**Aim of the exercise**
A complete response lists each line of the data below that includes the word "endSize".

Recorded data

((

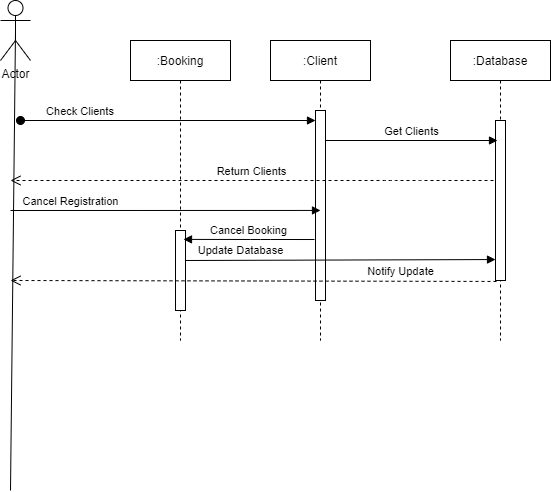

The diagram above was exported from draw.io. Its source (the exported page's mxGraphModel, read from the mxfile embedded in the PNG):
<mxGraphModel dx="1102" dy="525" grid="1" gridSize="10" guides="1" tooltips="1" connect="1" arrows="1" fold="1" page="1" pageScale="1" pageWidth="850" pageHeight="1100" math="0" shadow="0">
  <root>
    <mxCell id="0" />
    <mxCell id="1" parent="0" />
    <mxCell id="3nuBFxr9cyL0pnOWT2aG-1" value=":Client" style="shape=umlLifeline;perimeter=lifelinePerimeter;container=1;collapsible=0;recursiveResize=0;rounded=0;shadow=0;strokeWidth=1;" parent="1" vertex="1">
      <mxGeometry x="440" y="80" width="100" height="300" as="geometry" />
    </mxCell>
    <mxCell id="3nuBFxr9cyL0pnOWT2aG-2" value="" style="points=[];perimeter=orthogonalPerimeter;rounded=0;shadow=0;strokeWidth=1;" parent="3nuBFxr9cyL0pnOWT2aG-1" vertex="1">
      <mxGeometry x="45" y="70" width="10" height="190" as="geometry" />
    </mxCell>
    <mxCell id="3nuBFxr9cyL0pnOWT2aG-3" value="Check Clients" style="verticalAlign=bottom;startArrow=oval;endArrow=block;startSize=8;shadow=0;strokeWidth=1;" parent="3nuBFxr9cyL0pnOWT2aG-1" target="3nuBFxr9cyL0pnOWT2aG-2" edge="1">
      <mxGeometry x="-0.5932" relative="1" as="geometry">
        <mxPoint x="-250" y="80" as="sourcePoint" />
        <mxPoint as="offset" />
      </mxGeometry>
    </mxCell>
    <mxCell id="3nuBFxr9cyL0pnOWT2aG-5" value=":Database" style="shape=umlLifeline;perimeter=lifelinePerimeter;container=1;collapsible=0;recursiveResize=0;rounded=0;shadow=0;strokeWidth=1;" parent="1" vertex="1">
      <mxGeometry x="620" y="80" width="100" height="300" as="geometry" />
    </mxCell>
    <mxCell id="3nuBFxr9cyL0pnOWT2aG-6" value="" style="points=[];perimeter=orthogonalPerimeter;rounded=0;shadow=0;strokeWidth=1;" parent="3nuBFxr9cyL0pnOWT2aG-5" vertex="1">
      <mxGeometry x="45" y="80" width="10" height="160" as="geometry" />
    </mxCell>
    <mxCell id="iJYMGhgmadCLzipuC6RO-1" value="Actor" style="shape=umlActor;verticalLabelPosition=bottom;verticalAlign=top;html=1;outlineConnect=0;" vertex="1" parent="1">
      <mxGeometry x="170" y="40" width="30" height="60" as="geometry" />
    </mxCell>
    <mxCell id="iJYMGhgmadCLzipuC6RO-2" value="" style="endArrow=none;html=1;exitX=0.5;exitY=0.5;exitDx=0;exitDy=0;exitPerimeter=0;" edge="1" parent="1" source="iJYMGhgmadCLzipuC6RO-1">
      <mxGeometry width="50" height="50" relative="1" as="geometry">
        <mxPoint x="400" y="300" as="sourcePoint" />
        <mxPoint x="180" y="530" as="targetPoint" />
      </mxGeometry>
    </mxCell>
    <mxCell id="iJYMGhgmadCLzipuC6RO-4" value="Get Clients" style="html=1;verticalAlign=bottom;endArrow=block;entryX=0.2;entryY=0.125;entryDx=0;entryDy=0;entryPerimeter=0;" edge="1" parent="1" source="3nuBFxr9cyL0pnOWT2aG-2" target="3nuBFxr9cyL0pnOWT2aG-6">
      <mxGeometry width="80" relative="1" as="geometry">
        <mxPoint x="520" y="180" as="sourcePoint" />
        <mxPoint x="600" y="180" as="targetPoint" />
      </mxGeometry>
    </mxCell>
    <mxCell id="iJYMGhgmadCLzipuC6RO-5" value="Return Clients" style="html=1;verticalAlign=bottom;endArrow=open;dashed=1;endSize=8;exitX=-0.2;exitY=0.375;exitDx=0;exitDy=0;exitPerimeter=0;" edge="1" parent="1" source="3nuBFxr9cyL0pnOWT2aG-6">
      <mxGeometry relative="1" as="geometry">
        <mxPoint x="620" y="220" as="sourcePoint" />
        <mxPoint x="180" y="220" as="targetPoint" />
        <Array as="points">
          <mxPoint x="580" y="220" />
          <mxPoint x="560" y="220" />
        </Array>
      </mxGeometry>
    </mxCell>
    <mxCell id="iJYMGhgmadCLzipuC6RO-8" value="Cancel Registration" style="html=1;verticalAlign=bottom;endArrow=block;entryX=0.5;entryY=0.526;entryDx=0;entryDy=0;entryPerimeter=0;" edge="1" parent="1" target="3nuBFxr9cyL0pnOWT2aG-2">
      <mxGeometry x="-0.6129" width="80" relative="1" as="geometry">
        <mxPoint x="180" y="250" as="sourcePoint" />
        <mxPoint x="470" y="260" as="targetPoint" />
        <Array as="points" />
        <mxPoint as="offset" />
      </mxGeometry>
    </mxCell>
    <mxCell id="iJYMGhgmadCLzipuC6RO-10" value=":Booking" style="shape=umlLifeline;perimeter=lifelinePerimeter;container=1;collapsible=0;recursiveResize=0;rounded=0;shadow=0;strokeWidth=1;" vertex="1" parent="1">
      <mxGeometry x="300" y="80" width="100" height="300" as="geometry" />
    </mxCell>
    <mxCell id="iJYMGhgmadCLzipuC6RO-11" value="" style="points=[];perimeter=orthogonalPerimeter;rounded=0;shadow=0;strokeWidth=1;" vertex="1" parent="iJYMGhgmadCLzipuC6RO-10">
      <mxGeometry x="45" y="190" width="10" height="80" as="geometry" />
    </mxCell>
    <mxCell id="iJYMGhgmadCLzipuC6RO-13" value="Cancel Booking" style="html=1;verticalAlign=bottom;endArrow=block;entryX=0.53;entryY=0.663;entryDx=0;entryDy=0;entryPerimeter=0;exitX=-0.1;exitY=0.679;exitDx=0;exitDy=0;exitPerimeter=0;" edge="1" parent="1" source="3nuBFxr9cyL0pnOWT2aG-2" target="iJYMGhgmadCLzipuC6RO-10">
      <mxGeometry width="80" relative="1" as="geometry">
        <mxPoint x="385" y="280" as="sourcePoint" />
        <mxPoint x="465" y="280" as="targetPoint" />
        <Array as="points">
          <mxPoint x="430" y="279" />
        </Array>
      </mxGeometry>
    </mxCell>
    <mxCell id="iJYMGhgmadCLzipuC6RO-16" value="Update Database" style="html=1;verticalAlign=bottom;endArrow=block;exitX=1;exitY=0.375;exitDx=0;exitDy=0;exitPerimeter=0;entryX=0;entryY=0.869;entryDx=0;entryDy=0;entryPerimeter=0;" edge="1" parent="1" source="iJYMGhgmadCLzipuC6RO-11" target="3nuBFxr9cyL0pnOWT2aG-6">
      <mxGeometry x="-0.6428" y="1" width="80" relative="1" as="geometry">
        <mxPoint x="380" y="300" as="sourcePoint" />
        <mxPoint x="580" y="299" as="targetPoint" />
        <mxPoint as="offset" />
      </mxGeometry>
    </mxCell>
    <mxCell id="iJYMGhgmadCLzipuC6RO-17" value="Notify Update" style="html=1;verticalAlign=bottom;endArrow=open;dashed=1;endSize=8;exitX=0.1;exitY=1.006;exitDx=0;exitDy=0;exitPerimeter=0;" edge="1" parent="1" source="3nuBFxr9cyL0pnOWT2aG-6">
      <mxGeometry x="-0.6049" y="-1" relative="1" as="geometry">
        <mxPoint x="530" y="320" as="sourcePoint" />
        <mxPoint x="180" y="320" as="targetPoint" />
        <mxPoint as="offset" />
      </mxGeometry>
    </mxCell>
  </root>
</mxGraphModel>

))

**Exercise response**
    <mxCell id="iJYMGhgmadCLzipuC6RO-5" value="Return Clients" style="html=1;verticalAlign=bottom;endArrow=open;dashed=1;endSize=8;exitX=-0.2;exitY=0.375;exitDx=0;exitDy=0;exitPerimeter=0;" edge="1" parent="1" source="3nuBFxr9cyL0pnOWT2aG-6">
    <mxCell id="iJYMGhgmadCLzipuC6RO-17" value="Notify Update" style="html=1;verticalAlign=bottom;endArrow=open;dashed=1;endSize=8;exitX=0.1;exitY=1.006;exitDx=0;exitDy=0;exitPerimeter=0;" edge="1" parent="1" source="3nuBFxr9cyL0pnOWT2aG-6">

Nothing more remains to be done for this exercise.